In ORA’s office in New York City, many engaged couples go in to sign prenuptial agreements, but rarely do couples go there to sign postnuptials. That’s why ORA has postnuptial parties in various communities in which the synagogue invites its membership to sign the postnuptial agreement, which is what BIAV is doing on Sunday, June 19. (See box for details.)
Putting on the Pressure
A seruv is a rabbinic order of contempt, which states that a beit din (religious court) has declared an individual is recalcitrant, has refused to comply with Jewish law and participate in the Jewish divorce process with the issuance or receipt of the get. But there is no real enforcement power to it. The husband has been found in contempt, but they can’t put him in jail or fine him.
“That’s really where my organization gets involved and we try to enforce the terms of the seruv, which means specifically that we try to ensure that the husband is persona non grata in the Jewish community, essentially to ostracize him from the community,” Rabbi Stern said.
Whenever ORA takes on a case, it tries to resolve it amicably at first, organizing communication between the two sides for the issuance of a get, making sure it’s not used as a tool for leverage.

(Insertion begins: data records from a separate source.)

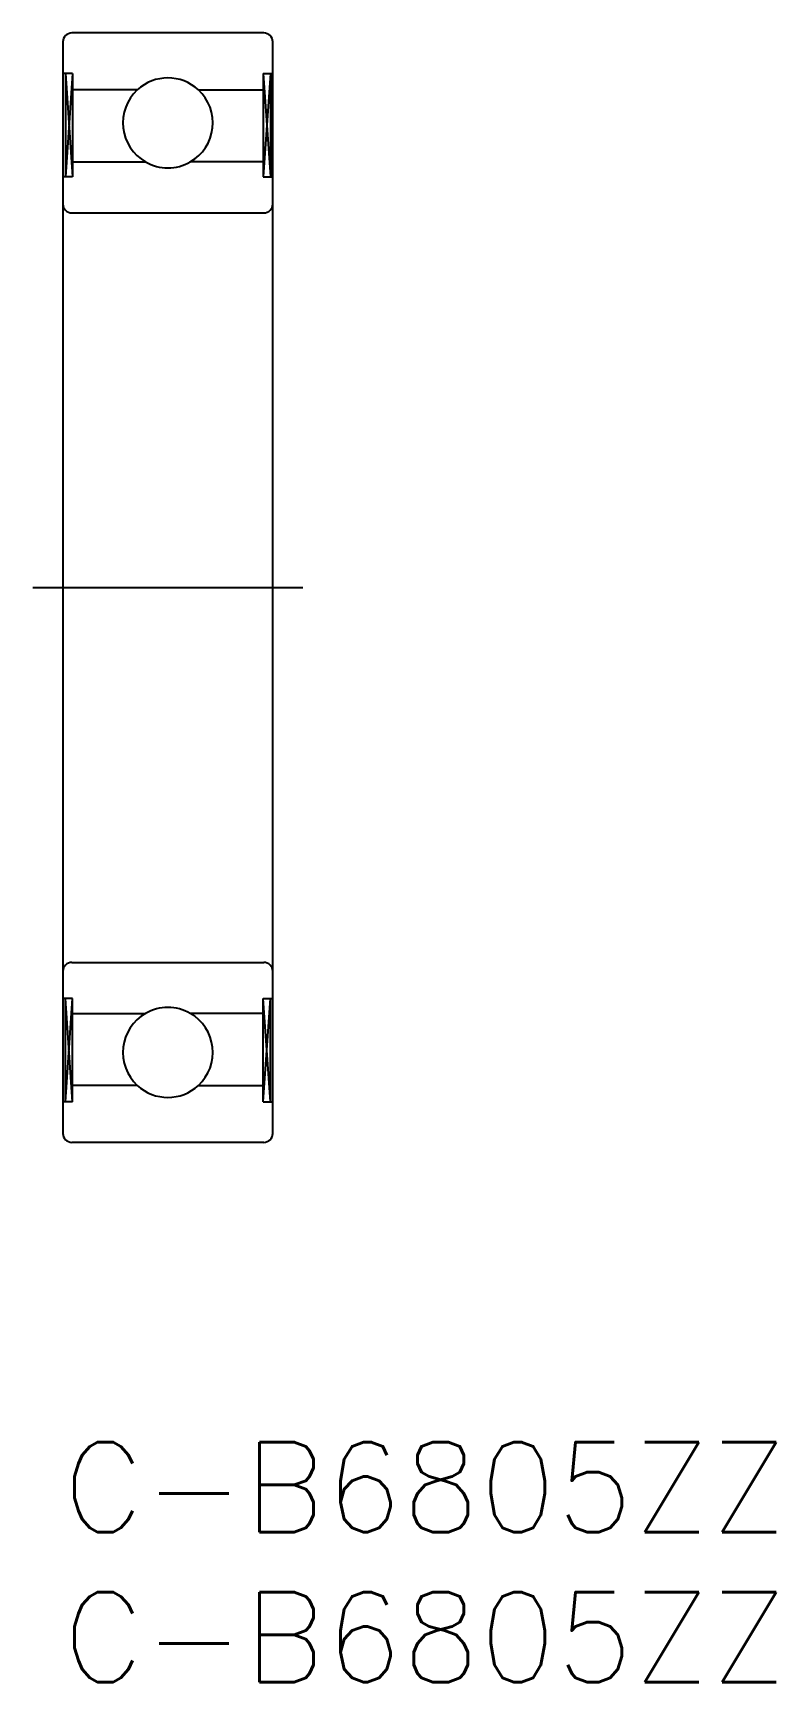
# Model space of a CAD drawing. Extents: x -1 to 23.8, y -8 to 47.
import ezdxf

# ---------------------------------------------------------------- set-up
doc = ezdxf.new("R2010")
doc.units = 0
doc.header["$LTSCALE"] = 0.5
doc.linetypes.add('CENTER', pattern=[50.8, 31.75, -6.35, 6.35, -6.35])
for name, color, linetype in [('MSM_CENTER', 1, 'CENTER'), ('MSM_CONTINUOUS', 7, 'CONTINUOUS'), ('MSM_NARROW', 5, 'CONTINUOUS'), ('MSM_PART_NUMBER', 7, 'CONTINUOUS')]:
    doc.layers.add(name, color=color, linetype=linetype)
doc.styles.get("Standard").update_dxf_attribs({"font": 'txt.shx', "height": 1, "bigfont": 'bigfont.shx'})

# ---------------------------------------------------------------- blocks, each defined once
blk = doc.blocks.new('*U7')
at = {"layer": 'MSM_PART_NUMBER'}
blk.add_text('C-B6805ZZ', height=3, dxfattribs=at).set_placement((0, -3))
blk = doc.blocks.new('*U8')
at = {"layer": 'MSM_PART_NUMBER'}
blk.add_text('C-B6805ZZ', height=3, dxfattribs=at).set_placement((0, -8))

msp = doc.modelspace()

# ---------------------------------------------------------------- linework, layer by layer
at = {"layer": 'MSM_CENTER'}
msp.add_line((-1, 28.5), (8, 28.5), dxfattribs=at)
at = {"layer": 'MSM_CONTINUOUS'}
for p, q in [((6.7, 47), (0.3, 47)), ((0, 46.7), (0, 10.3)), ((7, 10.3), (7, 46.7)), ((0.32, 45.65), (0, 45.65)), ((0.08, 45.65), (0.08, 42.2)), ((0.32, 45.65), (0.32, 42.2)), ((6.68, 45.65), (7, 45.65)), ((6.68, 45.65), (6.68, 42.2)), ((6.92, 45.65), (6.92, 42.2)), ((2.48, 45.1), (0.32, 45.1)), ((4.52, 45.1), (6.68, 45.1)), ((0.32, 42.7), (2.752, 42.7)), ((6.68, 42.7), (4.248, 42.7)), ((0.322, 42.2), (0, 42.2)), ((6.678, 42.2), (7, 42.2)), ((0.3, 41), (6.7, 41)), ((0.3, 16), (6.7, 16)), ((0.322, 14.8), (0, 14.8)), ((0.08, 11.35), (0.08, 14.8)), ((0.32, 11.35), (0.32, 14.8)), ((0.32, 14.3), (2.752, 14.3)), ((6.68, 14.3), (4.248, 14.3)), ((6.678, 14.8), (7, 14.8)), ((6.68, 11.35), (6.68, 14.8)), ((6.92, 11.35), (6.92, 14.8)), ((2.48, 11.9), (0.32, 11.9)), ((4.52, 11.9), (6.68, 11.9)), ((0.32, 11.35), (0, 11.35)), ((6.68, 11.35), (7, 11.35)), ((6.7, 10), (0.3, 10))]:
    msp.add_line(p, q, dxfattribs=at)
for centre, radius, start, end in [((0.3, 46.7), 0.3, 90, 180), ((6.7, 46.7), 0.3, 0, 90), ((3.5, 44), 1.5, 132.8334, 240.0736), ((3.5, 44), 1.5, 47.1666, 132.8334), ((3.5, 44), 1.5, 299.9264, 47.1666), ((3.5, 44), 1.5, 240.0736, 299.9264), ((0.3, 41.3), 0.3, 180, 270), ((6.7, 41.3), 0.3, 270, 0), ((0.3, 15.7), 0.3, 90, 180), ((6.7, 15.7), 0.3, 0, 90), ((3.5, 13), 1.5, 119.9264, 227.1666), ((3.5, 13), 1.5, 60.0736, 119.9264), ((3.5, 13), 1.5, 312.8334, 60.0736), ((3.5, 13), 1.5, 227.1666, 312.8334), ((0.3, 10.3), 0.3, 180, 270), ((6.7, 10.3), 0.3, 270, 0)]:
    msp.add_arc(centre, radius, start, end, dxfattribs=at)
at = {"layer": 'MSM_NARROW'}
for p, q in [((0.32, 45.65), (0.08, 42.2)), ((0.08, 45.65), (0.32, 42.2)), ((6.68, 45.65), (6.92, 42.2)), ((6.92, 45.65), (6.68, 42.2)), ((0.32, 11.35), (0.08, 14.8)), ((0.08, 11.35), (0.32, 14.8)), ((6.68, 11.35), (6.92, 14.8)), ((6.92, 11.35), (6.68, 14.8))]:
    msp.add_line(p, q, dxfattribs=at)

# ---------------------------------------------------------------- block references
at = {"layer": 'MSM_CONTINUOUS'}
for name in ['*U7', '*U8']:
    msp.add_blockref(name, (0, 0), dxfattribs=at)

doc.saveas('drawing.dxf')

The rabbi said if that doesn’t work after extensive mediation, then they resort to forms of pressure that are permissible both as a matter of Jewish and civil law.
“We don’t call the mob or the hit squad or anything like that, but we organize peaceful demonstrations outside of the home of the recalcitrant husband,” said Rabbi Stern. “We’ll make sure he’s ostracized from the community, that no one is supporting him, you might boycott his business, anything we can do to try and pressure him with the very, very simple message that you need to give the get, which is a process that can take five minutes of your time and come at no cost to you and all of this will go away.”
Rabbi Stern said some people ask why these women stay Orthodox; why don’t they just give it up. They blame the woman for sticking to the old system of Jewish law. Since they’re civilly divorced, they should just move on. But that’s asking them to give up their religion and beliefs.
“This is their system of meaning; it’s their spirituality; it’s who they are; it’s their community, and to point the finger at them and say you should be leaving that, you’re civilly divorced, what do you need this religion for is pointing the finger at the victim rather than at the aggressor,” he said. “The recalcitrant husband is not playing his role in issuing the get.”
For Rabbi Stern’s complete schedule, email .
Postnuptial Party
The public is invited for a morning of mimosas and dairy desserts to learn more about the agunah crisis and what we as a community can do about it. The event will take place from 10 to 11:30 a.m. Sunday, June 19, at Congregation BIAV.
Scholar-in-Residence Rabbi Jeremy Stern, executive director of the Organization for the Resolution of Agunot, will help raise awareness about this important issue and discuss why halachic pre- and postnuptial agreements are the most effective tools for preventing future agunot.
Notaries and the documents necessary for signing halachic postnuptial agreements will be onsite for interested couples.
All community members are invited, regardless of marital status or desire to participate in signing a postnuptial. The event is free of charge.